* _Instructions to follow_
All lines below containing "circle" are to be listed.

* _Input for this task_
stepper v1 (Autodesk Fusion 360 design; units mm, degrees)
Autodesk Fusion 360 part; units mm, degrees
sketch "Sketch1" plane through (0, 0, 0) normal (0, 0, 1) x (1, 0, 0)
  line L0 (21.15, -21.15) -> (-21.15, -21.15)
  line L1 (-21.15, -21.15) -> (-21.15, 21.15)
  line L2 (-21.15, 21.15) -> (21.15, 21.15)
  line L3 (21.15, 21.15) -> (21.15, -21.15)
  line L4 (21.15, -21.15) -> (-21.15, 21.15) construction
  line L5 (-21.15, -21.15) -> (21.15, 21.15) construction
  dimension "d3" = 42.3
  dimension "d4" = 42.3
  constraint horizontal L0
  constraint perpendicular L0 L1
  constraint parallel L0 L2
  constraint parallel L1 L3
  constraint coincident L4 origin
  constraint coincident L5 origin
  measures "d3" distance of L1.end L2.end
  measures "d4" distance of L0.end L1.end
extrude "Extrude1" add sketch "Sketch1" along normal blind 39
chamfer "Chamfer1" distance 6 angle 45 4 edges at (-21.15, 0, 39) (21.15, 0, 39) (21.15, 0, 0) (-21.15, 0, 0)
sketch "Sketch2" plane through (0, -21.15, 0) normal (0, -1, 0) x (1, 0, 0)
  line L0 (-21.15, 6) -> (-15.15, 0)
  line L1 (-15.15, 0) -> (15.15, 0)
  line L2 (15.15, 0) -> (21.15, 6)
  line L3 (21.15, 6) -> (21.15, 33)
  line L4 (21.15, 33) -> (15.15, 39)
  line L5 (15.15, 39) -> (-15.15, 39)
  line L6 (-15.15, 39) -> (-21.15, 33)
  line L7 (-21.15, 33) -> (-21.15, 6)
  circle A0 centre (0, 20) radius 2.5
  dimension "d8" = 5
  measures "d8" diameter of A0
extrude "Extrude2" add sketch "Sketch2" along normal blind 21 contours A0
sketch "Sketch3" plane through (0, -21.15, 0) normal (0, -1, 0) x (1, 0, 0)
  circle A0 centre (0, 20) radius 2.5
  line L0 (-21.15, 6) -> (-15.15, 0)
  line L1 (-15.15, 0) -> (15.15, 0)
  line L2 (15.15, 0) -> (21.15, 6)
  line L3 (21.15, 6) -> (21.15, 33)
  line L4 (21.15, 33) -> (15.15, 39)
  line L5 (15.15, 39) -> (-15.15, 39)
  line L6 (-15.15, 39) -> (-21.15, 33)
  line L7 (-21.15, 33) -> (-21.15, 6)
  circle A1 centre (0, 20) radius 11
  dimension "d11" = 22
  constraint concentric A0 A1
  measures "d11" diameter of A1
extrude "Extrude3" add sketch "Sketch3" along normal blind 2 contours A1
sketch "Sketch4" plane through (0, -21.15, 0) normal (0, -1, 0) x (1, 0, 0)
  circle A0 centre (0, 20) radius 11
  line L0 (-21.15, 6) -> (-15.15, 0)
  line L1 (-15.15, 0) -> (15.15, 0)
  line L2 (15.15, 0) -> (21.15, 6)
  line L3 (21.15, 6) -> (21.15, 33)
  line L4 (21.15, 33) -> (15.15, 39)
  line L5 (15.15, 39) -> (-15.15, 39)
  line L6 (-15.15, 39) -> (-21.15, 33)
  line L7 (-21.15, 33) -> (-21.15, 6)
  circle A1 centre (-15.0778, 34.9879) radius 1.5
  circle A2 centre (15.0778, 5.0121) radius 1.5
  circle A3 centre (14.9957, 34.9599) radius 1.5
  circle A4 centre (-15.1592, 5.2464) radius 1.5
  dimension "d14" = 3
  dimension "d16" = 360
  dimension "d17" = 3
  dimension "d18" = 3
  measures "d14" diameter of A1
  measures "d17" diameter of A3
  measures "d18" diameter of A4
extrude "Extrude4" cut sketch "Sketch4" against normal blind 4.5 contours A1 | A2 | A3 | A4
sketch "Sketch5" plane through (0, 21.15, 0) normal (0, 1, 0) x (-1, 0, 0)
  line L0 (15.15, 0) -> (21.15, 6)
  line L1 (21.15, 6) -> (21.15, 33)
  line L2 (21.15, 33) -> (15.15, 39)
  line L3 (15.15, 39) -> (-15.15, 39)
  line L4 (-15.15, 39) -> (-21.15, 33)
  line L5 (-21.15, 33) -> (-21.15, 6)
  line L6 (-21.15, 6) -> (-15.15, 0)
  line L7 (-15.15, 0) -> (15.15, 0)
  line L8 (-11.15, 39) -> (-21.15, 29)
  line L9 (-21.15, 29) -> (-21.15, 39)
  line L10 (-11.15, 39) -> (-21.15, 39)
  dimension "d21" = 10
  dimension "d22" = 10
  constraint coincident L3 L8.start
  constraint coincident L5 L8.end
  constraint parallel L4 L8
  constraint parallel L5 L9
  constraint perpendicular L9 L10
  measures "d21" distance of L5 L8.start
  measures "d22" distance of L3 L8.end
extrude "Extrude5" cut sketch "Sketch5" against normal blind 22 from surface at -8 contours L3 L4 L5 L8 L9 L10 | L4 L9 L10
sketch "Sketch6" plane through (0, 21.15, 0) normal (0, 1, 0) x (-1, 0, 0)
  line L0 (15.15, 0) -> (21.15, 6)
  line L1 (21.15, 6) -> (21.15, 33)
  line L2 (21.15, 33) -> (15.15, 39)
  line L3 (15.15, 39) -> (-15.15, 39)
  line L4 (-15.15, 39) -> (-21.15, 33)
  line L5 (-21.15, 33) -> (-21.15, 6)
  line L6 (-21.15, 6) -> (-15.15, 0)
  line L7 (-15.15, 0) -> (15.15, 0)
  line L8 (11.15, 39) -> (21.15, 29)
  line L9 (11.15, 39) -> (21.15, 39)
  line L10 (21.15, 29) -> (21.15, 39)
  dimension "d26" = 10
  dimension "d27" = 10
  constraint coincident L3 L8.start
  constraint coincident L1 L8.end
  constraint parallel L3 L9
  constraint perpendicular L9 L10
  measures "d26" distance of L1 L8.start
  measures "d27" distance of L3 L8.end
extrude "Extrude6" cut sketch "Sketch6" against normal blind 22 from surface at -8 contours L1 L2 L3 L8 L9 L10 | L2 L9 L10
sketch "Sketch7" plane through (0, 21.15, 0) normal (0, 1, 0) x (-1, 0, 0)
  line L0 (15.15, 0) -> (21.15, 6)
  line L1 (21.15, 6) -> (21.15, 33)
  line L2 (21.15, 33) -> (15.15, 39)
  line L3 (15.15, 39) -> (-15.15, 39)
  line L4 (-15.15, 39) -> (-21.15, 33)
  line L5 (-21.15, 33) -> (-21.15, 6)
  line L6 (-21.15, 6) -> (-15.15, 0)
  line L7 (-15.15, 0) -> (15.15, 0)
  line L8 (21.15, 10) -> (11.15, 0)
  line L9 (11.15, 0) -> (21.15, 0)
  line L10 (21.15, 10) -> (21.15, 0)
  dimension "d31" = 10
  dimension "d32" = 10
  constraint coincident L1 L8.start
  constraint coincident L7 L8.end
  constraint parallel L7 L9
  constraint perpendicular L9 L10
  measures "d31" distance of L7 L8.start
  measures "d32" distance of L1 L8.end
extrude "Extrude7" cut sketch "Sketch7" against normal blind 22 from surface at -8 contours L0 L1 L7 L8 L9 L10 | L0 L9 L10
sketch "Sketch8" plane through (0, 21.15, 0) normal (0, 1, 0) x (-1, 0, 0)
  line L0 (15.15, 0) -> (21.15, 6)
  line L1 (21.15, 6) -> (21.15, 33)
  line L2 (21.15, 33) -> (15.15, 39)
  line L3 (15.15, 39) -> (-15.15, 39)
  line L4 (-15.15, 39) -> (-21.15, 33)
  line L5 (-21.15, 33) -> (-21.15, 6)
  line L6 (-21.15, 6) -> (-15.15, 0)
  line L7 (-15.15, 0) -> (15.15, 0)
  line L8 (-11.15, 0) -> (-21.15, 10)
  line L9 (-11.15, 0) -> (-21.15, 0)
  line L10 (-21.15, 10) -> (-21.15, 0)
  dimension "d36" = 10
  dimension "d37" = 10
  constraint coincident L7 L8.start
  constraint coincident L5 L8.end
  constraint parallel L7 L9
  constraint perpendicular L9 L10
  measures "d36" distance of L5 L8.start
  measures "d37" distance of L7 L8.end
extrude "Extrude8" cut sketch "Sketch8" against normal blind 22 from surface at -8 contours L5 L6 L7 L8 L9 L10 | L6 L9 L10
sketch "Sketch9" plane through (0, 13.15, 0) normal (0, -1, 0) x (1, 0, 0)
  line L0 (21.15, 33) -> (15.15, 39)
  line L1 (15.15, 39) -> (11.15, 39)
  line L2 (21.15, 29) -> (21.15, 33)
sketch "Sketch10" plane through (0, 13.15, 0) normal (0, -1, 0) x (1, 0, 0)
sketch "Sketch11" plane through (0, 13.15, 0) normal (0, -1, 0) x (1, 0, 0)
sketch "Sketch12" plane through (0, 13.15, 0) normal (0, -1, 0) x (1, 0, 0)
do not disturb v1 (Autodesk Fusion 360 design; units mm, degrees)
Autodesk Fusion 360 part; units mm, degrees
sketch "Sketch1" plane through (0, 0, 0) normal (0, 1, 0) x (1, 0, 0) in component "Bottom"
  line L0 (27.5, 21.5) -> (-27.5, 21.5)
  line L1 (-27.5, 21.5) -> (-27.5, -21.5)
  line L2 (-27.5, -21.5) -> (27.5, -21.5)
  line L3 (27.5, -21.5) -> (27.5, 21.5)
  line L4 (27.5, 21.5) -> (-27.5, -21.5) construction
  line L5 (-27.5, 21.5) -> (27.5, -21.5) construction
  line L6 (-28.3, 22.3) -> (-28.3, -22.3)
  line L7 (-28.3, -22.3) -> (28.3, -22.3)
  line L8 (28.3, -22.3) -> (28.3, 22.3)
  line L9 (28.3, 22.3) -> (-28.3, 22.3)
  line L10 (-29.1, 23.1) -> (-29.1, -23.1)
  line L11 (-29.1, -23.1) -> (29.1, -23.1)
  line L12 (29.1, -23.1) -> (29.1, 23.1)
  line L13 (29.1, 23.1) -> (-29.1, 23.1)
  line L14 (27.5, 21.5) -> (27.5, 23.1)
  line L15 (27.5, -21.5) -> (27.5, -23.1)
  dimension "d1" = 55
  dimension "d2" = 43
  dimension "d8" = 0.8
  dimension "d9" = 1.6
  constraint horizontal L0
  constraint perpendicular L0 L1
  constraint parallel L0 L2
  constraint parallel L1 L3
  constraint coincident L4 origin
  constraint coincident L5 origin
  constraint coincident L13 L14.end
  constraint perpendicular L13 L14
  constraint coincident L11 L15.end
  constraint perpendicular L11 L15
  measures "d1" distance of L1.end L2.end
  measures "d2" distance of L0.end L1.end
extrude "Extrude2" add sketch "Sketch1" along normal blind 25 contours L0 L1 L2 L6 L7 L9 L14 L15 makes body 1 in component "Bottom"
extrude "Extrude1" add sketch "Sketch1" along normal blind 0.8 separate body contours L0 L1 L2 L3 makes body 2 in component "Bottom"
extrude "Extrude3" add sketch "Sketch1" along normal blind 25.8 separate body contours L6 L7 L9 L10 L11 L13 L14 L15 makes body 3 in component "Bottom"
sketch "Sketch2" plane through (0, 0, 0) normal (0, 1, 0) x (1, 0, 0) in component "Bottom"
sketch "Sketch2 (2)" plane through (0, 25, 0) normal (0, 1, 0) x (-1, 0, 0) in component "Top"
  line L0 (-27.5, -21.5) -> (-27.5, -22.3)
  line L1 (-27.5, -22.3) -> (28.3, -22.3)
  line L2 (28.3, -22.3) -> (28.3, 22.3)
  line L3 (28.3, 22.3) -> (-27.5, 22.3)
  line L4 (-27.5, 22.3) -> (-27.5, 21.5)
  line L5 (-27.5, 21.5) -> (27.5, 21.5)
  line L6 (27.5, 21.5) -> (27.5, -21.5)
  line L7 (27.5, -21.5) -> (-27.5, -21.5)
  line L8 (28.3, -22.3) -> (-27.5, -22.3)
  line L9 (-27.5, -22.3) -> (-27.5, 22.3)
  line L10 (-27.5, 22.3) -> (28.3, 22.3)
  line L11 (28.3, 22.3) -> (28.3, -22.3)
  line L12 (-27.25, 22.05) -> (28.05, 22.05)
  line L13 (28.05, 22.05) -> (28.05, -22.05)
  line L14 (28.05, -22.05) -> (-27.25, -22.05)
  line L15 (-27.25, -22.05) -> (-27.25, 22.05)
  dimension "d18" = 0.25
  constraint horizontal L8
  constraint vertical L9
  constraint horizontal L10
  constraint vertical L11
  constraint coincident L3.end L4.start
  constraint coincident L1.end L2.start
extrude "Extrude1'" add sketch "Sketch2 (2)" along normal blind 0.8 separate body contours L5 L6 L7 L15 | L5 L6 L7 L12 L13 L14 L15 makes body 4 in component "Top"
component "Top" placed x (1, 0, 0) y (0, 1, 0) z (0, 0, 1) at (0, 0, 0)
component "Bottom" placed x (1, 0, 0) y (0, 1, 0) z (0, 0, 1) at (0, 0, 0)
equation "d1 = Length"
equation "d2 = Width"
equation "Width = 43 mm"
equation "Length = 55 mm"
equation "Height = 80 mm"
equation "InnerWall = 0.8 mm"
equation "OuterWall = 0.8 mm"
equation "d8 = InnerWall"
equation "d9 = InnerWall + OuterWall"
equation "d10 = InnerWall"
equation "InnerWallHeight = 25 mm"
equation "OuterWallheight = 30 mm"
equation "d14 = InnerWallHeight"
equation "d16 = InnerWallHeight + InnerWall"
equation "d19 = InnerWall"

* _Completed exercise_
  circle A0 centre (0, 20) radius 2.5
  circle A0 centre (0, 20) radius 2.5
  circle A1 centre (0, 20) radius 11
  circle A0 centre (0, 20) radius 11
  circle A1 centre (-15.0778, 34.9879) radius 1.5
  circle A2 centre (15.0778, 5.0121) radius 1.5
  circle A3 centre (14.9957, 34.9599) radius 1.5
  circle A4 centre (-15.1592, 5.2464) radius 1.5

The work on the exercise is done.